|Title:||Approaches for Weighting and Estimation of Public-release Education Data using Two-level Covariance Structure Models|
|Principal Investigator:||Stapleton, Laura||Awardee:||University of Maryland, College Park|
|Program:||Statistical and Research Methodology in Education [Program Details]|
|Award Period:||2 years||Award Amount:||$159,620|
|Goal:||Methodological Innovation||Award Number:||R305D110050|
Original Grant: R305D110046 University of Maryland, Baltimore County
This project will identify best methods for estimating parameters and their sampling variances when using multilevel analyses with data collected via complex sampling designs typically used in education research.
Traditional estimation of multilevel models assumes that school data are a function of random selection and that student data are obtained via random selection within schools. These assumptions are violated with typical national survey sampling designs, and parameter estimates and their sampling variances may be biased under traditional estimation.
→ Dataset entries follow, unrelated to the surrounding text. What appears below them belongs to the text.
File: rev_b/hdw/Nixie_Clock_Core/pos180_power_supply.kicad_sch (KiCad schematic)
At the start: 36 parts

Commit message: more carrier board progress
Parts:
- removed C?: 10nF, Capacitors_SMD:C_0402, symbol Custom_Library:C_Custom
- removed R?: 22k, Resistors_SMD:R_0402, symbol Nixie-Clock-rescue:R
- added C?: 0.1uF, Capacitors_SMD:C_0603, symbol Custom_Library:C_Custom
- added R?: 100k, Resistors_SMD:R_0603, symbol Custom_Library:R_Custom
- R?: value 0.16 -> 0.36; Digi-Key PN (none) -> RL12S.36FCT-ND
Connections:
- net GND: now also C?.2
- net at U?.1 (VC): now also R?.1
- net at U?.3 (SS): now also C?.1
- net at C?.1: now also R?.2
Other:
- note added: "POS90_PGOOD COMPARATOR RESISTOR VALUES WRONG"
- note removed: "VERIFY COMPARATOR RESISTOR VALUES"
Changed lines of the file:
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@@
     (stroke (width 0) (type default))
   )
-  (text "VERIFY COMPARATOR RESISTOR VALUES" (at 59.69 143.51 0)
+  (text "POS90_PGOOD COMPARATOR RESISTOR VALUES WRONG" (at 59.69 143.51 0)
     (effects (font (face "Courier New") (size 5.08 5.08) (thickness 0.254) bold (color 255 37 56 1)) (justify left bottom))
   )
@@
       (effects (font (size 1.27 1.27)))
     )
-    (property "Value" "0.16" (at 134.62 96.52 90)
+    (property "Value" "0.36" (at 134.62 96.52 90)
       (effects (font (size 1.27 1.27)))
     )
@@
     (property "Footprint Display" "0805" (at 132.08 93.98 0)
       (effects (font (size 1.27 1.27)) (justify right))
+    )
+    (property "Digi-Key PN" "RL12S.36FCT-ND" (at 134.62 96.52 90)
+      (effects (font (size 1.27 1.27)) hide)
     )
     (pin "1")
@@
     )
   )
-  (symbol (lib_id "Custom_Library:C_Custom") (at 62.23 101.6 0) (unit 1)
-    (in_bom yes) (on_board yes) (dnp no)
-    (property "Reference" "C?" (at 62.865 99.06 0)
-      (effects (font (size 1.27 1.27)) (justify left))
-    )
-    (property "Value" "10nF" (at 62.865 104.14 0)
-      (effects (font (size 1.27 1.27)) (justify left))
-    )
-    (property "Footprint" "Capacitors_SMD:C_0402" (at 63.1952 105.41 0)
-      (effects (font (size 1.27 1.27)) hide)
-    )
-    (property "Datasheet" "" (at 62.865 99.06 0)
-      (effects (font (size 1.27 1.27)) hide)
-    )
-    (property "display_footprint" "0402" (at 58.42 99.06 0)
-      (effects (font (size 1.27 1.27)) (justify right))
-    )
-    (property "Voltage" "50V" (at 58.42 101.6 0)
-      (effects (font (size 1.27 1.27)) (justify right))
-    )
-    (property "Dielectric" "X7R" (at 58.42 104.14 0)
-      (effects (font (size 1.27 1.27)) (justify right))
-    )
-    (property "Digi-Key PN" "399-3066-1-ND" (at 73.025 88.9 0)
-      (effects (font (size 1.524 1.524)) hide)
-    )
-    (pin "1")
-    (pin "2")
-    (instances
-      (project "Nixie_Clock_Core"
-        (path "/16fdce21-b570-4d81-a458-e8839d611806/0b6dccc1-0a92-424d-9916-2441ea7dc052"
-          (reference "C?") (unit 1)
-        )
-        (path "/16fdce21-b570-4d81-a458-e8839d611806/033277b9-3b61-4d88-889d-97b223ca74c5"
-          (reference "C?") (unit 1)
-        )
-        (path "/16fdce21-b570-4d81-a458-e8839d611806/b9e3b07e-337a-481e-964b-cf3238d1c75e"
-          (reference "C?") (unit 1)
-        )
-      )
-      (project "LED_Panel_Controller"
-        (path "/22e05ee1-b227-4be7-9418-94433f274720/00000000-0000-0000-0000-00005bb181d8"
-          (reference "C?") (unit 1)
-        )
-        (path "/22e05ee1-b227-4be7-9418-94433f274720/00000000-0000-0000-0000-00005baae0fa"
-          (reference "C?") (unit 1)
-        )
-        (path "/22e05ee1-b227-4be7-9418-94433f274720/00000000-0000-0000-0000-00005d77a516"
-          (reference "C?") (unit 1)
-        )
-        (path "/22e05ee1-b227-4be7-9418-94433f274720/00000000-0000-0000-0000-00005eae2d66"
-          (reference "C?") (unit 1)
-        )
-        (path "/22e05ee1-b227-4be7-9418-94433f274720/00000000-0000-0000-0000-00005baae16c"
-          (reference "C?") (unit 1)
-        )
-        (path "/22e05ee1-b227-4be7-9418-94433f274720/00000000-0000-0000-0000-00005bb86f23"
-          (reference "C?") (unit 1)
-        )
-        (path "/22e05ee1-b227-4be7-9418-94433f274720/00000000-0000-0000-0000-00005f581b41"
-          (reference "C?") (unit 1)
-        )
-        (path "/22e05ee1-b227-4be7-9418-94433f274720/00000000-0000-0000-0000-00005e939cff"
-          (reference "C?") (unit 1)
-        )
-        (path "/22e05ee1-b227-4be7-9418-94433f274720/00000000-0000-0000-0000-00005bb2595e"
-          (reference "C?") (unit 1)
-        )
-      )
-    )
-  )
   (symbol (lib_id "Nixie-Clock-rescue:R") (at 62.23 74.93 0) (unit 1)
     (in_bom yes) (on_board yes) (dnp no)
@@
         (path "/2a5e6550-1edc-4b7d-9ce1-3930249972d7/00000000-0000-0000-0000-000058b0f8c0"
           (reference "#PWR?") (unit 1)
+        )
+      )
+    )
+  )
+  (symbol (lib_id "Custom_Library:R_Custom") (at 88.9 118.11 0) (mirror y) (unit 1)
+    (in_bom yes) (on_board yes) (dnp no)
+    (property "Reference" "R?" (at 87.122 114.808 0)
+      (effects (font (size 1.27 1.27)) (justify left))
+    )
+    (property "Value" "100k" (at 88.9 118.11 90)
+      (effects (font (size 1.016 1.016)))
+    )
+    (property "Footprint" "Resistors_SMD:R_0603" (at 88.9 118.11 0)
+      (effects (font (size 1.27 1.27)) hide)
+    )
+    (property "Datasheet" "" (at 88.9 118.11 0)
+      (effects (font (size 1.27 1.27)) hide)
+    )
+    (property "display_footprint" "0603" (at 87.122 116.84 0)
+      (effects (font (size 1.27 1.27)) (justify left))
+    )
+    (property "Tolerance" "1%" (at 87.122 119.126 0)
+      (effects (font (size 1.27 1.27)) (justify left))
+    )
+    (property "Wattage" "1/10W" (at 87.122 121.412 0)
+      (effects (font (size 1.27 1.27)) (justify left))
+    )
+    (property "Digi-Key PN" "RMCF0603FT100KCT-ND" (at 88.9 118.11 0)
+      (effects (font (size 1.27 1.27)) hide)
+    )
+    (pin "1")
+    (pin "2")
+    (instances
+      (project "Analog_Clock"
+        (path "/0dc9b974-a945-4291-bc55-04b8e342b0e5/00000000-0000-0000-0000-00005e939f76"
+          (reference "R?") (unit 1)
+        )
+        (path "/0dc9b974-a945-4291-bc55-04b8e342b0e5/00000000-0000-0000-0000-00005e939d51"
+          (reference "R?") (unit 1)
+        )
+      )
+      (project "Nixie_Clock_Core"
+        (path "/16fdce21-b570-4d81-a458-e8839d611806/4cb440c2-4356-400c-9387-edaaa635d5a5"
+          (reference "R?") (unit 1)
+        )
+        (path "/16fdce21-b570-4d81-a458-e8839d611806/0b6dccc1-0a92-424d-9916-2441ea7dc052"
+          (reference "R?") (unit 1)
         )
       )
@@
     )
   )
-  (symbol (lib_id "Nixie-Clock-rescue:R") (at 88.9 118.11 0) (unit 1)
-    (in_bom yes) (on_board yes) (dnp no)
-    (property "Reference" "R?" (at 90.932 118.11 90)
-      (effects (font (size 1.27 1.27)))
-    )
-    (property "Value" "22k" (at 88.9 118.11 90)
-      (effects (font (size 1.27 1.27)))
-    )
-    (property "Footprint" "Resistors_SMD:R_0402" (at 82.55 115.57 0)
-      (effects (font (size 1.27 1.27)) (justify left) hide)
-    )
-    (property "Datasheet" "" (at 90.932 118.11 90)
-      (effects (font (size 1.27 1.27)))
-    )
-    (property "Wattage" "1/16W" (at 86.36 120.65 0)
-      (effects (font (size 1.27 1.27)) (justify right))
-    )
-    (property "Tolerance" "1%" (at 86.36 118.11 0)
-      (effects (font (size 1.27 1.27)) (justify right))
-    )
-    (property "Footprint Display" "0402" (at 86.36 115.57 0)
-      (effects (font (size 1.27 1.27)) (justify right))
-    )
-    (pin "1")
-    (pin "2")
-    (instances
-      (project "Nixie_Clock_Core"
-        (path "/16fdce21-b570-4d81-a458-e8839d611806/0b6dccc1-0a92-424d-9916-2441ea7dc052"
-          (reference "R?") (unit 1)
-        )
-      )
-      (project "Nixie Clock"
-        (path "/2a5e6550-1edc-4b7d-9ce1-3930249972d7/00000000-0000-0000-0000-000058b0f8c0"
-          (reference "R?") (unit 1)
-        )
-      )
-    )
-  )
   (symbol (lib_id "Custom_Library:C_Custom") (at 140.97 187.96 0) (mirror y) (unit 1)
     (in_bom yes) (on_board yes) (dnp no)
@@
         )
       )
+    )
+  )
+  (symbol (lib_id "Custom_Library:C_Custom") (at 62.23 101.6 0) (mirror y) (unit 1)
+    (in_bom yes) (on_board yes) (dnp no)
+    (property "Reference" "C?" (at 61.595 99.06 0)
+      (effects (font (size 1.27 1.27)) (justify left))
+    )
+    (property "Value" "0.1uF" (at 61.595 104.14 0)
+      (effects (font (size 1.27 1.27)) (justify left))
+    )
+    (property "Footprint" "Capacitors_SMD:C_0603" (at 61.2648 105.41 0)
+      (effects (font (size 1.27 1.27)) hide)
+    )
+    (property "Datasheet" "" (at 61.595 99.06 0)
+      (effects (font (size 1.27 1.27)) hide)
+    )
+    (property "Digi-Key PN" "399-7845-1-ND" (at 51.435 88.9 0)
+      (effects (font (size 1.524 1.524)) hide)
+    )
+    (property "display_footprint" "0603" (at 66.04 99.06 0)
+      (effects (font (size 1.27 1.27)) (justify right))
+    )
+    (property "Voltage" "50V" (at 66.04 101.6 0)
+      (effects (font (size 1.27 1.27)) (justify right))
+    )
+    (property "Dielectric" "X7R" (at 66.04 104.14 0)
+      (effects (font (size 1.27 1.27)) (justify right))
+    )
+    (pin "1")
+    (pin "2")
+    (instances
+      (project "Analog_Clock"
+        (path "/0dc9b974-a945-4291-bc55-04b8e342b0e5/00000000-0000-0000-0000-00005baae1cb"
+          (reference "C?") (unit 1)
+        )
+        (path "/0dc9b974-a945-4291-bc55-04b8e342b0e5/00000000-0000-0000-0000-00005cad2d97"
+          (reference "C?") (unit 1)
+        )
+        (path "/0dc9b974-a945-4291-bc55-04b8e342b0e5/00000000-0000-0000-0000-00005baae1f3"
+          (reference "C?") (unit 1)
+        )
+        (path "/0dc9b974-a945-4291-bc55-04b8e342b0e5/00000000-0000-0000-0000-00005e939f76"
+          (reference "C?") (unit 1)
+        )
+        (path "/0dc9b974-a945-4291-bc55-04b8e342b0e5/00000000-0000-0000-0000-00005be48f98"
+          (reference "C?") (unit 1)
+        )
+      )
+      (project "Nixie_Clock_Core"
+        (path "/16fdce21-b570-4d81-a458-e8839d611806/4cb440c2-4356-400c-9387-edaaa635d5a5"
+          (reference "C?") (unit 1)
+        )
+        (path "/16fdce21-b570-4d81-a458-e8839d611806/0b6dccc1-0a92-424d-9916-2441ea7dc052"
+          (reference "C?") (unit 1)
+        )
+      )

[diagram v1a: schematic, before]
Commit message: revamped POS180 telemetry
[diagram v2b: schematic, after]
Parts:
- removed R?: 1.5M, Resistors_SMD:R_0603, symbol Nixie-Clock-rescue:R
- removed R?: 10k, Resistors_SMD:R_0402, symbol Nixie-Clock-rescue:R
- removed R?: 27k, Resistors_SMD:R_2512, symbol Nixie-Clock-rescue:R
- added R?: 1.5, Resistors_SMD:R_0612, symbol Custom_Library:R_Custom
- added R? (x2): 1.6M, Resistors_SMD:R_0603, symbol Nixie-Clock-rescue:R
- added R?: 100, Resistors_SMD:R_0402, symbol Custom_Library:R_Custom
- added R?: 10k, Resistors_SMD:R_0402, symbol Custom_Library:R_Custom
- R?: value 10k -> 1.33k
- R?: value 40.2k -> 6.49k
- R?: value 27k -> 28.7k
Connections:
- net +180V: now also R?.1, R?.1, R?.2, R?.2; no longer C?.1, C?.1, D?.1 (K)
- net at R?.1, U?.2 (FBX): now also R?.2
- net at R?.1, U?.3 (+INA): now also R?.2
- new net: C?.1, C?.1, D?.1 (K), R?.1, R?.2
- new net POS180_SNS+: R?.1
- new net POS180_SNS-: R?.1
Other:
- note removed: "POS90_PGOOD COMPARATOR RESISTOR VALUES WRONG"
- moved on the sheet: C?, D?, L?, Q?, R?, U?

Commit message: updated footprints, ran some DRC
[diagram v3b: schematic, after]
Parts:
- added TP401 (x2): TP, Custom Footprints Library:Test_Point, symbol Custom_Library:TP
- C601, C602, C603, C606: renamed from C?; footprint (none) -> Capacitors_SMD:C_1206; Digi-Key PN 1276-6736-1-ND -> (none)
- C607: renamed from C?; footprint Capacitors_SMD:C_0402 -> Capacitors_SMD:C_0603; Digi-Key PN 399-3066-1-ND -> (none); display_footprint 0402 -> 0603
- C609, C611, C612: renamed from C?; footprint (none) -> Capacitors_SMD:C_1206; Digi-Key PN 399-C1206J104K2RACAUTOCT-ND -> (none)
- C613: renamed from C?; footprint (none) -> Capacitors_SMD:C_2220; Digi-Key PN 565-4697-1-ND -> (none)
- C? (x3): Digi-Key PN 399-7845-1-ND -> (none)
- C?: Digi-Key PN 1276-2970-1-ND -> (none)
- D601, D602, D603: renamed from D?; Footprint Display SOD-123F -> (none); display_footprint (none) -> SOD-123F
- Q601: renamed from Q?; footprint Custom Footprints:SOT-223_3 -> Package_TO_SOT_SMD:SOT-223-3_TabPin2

For example, most national education- related datasets use sampling procedures that are much more complicated in design. With a three-stage sample, primary sampling units (PSUs) of geographic areas are first selected, then schools within those PSUs as secondary sampling units (SSUs) are selected, and finally teachers or students within those SSUs are selected as the ultimate sampling units (USUs). With a two-stage sample, the schools are typically selected as PSUs directly. Additionally, at each stage of selection, stratification of the population elements is used in selecting the sample. This stratum information may or may not be included in a researcher's statistical model.
Appropriate methods to model data from multi-stage stratified sampling designs have been proposed (e.g., multilevel pseudo-maximum likelihood [MPML]), but have not been tested under conditions similar to those found with national education-related datasets. These methods require sampling weights at both student and school levels and these level-1 and level-2 weights often are not found on public-release datasets.
The project has four specific aims to address multilevel analysis with complex sample data. First, the project will quantify the effects of ignoring the sampling design when using a multilevel model on estimates of parameters and sampling variances through a Monte Carlo simulation. Bias of estimates will be examined across a range of typical sampling designs and population characteristics found with education-related datasets. A simulation study will be conducted to determine the levels of bias found in parameter and sampling variance estimates when using multilevel covariance structure modeling with complex sample data ignoring the sample design. The first step in developing the simulation study will consist of an extensive review of education-related datasets to define the values used within the conditions of the simulation study as explained in the research plan.
Second, the project will determine the best method of level-1 and level-2 sampling weight approximation from the available overall (unconditional) sampling weights found on public-release datasets. This will be accomplished by comparing the approximated values with the known values from simulated data. From the simulated data introduced in Aim 1, unconditional USU sampling weights will be used to approximate conditional weights for the USU and SSU (if a 3-stage design) or PSU (if a 2-stage design). Bias in these estimates will be determined by correlating the known weights to the approximations.
Third, the project will determine the most robust method of sampling variance estimation by comparing the performance of a sandwich estimator with replication methods. Bias found with each technique is expected to vary with the data and sampling conditions. Typical conditions with education- related datasets will be examined using Monte Carlo simulations. The simulated data (introduced in Aim 1) will be analyzed with the MPML method and with three different approaches to sampling variance estimation (linearized, jackknife replication and bootstrap replication) to determine the method that yields the least bias in sampling variances. This provides an adequate 95 percent confidence interval coverage rates of the parameters of interest.
Fourth, the project will examine the performance of the scaled change in chi-squared test statistic in model selection, both under conditions of taking the sampling design into account and not. The model fit for models run for Aims 1 and 3 will be examined in comparison to the fit of six other misspecified models: three over-specified and three under-specified.